The US announces that it is in talks with other governments to repatriate migrants

The United States said Wednesday that it is in talks with other governments to reach agreements to repatriate irregular migrants, after the restrictions that that country imposed for asylum applications.

The announcement came hours after President Andrés Manuel López declared that his government is seeking Washington to reach agreements “so that if they make a decision to deport they do so directly” to the countries of origin and do not return the migrants to Mexico. .
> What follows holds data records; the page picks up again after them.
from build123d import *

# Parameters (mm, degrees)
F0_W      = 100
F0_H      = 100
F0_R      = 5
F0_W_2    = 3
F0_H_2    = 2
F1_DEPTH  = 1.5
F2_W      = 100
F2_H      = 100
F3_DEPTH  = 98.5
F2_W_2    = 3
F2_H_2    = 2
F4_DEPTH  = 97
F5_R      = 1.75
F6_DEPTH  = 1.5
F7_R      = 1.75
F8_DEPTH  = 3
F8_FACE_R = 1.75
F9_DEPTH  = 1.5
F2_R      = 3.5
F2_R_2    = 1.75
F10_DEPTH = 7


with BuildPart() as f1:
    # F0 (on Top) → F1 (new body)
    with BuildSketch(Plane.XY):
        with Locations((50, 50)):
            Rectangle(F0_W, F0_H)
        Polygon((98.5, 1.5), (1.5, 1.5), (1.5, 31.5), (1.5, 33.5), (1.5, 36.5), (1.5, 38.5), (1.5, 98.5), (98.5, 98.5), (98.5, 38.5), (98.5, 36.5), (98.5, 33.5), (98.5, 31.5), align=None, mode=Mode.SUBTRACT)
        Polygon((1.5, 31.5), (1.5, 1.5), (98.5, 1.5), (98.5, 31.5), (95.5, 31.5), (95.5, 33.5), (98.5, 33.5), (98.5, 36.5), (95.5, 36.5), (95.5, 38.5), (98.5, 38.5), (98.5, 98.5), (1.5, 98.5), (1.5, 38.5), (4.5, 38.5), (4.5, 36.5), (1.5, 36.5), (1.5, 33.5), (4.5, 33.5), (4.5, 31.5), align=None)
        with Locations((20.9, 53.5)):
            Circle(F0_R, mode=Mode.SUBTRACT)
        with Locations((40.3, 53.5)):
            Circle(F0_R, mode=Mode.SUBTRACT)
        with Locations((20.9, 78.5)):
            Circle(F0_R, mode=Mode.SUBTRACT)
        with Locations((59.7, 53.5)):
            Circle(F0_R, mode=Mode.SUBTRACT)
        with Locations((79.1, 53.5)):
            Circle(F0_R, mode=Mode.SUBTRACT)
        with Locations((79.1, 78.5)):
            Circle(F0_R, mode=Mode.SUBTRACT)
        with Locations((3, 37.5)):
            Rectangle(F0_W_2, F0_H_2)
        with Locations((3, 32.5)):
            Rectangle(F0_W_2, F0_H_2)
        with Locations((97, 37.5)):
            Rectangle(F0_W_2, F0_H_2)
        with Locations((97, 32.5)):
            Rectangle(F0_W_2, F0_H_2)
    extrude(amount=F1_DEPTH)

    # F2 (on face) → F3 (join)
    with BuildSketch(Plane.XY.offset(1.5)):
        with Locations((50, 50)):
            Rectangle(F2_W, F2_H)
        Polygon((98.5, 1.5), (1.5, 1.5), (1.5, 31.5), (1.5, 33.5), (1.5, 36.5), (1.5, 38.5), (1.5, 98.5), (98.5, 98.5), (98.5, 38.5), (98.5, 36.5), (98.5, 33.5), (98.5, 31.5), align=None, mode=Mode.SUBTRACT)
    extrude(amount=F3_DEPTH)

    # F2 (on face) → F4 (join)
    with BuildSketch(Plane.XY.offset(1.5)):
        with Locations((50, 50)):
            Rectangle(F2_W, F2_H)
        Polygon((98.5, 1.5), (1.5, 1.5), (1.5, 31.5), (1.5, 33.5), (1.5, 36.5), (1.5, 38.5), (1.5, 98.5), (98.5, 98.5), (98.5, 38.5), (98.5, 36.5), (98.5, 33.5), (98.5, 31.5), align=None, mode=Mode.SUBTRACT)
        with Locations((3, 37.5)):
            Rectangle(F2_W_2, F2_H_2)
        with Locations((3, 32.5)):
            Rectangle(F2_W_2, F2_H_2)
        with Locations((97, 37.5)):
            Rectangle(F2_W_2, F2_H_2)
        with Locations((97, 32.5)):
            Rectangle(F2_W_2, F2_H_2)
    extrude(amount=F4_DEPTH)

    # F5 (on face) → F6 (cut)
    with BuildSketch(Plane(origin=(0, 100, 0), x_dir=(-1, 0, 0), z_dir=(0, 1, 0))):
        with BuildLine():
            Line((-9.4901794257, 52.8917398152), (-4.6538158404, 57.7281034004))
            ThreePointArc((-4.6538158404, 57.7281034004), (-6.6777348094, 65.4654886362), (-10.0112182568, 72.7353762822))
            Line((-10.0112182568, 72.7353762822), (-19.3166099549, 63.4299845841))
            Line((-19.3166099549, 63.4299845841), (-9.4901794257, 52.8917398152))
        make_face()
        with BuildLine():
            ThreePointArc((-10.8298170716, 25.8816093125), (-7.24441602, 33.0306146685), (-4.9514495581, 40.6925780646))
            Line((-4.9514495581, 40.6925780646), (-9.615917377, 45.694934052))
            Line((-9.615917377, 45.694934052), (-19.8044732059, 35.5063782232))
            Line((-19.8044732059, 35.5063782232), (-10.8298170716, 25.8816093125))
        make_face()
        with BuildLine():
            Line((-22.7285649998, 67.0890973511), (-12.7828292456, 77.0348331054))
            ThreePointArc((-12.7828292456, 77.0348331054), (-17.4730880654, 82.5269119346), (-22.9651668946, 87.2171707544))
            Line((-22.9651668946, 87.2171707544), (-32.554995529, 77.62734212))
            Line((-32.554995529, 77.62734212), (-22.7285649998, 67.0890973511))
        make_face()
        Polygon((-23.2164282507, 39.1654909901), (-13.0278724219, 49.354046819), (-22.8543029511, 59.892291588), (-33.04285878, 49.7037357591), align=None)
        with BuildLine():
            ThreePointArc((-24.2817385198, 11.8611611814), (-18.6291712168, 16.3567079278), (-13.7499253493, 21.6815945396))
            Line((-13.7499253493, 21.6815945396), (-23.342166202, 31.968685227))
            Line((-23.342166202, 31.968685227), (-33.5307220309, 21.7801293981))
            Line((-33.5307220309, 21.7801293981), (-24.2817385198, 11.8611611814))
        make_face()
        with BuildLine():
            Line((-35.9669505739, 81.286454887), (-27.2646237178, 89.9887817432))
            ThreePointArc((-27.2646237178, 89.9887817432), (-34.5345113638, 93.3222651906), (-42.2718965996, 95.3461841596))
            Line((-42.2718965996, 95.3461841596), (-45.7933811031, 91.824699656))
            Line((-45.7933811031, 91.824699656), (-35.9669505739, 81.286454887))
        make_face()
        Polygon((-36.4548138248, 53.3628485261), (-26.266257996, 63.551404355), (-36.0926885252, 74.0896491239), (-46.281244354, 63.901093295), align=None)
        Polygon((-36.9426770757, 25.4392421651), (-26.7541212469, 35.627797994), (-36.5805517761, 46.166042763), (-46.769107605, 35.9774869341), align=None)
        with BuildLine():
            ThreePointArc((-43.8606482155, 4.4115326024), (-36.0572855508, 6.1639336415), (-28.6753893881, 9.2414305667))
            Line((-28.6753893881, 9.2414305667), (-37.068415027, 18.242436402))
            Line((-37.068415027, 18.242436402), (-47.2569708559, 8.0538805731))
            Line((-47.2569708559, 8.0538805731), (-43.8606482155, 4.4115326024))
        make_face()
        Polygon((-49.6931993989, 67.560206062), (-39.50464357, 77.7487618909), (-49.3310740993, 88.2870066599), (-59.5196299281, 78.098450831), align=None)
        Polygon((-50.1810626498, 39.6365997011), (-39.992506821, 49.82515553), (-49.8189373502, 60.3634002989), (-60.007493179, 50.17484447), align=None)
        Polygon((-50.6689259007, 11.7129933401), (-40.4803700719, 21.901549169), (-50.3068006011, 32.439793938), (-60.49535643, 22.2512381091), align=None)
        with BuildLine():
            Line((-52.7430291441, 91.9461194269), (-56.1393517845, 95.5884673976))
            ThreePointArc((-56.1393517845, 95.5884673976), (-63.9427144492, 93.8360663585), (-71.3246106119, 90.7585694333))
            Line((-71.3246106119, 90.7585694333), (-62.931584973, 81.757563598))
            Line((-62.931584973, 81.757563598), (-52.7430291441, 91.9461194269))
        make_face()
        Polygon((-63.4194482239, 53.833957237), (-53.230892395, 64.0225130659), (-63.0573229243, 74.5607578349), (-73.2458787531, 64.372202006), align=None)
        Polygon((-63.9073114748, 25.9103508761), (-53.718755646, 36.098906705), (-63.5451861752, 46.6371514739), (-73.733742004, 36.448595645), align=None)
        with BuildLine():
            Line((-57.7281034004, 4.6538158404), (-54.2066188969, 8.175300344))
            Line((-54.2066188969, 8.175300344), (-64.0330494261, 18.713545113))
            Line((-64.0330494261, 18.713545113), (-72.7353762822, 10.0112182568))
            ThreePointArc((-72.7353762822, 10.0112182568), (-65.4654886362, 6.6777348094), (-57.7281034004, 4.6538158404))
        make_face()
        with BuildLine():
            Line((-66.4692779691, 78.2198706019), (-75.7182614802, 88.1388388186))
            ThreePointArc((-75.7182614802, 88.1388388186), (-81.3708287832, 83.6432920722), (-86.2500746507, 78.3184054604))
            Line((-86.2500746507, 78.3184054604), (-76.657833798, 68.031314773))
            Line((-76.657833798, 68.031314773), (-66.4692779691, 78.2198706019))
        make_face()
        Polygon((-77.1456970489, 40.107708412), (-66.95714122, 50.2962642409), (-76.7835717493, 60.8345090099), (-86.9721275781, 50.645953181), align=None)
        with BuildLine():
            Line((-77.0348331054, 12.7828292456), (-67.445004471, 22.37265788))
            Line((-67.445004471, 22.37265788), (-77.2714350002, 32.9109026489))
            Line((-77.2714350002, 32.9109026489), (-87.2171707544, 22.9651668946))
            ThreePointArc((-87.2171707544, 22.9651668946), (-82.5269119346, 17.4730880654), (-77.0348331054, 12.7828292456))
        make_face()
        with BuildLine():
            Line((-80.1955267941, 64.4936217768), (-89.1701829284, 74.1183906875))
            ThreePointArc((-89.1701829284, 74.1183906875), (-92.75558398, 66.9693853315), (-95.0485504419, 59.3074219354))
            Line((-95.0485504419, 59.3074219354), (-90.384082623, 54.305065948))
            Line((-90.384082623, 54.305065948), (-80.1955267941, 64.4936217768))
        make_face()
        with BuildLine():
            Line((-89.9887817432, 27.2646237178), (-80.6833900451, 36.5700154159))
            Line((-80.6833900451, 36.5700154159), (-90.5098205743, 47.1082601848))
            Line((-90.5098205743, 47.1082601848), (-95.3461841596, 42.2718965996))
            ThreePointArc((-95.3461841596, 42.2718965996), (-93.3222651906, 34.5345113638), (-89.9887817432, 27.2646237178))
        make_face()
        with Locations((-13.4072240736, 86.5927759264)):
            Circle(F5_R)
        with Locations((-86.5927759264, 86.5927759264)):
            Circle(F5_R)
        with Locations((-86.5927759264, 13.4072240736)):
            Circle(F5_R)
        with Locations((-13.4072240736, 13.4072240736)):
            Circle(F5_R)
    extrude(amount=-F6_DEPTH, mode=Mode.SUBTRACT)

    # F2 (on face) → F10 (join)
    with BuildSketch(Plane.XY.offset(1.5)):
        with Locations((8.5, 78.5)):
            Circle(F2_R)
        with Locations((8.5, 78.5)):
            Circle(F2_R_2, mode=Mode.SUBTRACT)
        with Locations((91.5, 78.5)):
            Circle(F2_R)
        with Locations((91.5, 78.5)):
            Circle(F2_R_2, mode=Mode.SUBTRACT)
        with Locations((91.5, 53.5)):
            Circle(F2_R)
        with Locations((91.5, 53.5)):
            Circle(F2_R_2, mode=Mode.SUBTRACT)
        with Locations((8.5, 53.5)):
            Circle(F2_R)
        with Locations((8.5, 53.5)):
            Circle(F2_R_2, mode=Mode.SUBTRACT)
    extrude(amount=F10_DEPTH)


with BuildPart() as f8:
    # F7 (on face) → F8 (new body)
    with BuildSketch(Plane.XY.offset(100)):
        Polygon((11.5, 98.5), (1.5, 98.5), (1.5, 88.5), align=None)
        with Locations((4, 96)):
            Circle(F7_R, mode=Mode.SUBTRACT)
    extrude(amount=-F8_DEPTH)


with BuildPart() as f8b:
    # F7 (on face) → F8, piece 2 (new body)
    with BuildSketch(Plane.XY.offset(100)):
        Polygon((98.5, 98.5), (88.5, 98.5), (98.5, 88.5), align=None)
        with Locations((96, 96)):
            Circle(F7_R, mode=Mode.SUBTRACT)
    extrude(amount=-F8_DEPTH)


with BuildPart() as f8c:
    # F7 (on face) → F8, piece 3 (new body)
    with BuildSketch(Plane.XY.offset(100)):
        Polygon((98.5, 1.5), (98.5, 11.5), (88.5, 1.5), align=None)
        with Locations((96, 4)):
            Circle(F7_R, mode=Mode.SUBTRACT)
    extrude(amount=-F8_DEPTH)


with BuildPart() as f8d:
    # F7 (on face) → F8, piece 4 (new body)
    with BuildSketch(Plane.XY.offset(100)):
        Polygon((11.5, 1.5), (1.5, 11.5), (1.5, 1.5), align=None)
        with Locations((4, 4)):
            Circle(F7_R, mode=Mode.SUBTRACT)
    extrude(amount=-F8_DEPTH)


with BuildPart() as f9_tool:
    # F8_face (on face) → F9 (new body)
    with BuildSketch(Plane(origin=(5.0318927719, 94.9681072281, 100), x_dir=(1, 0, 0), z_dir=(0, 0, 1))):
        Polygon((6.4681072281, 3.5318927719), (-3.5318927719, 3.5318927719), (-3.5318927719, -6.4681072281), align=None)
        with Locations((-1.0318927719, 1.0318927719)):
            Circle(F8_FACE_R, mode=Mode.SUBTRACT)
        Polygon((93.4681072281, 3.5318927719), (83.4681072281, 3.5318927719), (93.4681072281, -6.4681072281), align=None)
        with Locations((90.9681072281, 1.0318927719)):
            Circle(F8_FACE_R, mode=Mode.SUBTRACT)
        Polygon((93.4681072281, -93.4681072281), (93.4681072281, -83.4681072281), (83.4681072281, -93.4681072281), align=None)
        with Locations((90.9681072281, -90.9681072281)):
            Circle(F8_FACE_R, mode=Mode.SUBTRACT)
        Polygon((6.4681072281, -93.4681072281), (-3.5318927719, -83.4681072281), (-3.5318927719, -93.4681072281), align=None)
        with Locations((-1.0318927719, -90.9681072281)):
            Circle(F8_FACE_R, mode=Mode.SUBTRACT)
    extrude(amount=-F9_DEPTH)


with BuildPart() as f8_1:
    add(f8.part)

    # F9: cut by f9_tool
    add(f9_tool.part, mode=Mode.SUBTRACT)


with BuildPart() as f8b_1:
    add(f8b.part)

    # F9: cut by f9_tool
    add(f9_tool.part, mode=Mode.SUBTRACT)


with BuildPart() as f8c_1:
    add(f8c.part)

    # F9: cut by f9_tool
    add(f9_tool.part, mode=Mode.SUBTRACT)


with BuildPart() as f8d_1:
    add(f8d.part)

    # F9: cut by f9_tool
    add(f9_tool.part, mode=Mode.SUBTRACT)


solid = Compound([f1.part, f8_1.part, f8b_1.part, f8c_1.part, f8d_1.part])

The US Undersecretary of Homeland Security, Blas Nuñez-Neto, said at a press conference on Wednesday that Washington is in “constant discussions with governments throughout the Eastern and Western Hemisphere to reach repatriation agreements that allow us to return people who are not “They have a legal basis to stay in the United States in the most expedited manner possible.”

Nuñez-Neto assured that the measures will allow the repatriation “in a very accelerated manner of a much larger proportion of the people we are encountering at the border, either to their countries or to Mexico.”

In an attempt to allay concerns that arose following President Joe Biden’s announcements on Tuesday about restrictions on migrants seeking asylum at the southern border of the United States, the undersecretary stated that it is “too early to indicate what is going”.

“I can tell you that we are not seeing any high flows at the border. So it seems to us that things are operating quite well,” he added.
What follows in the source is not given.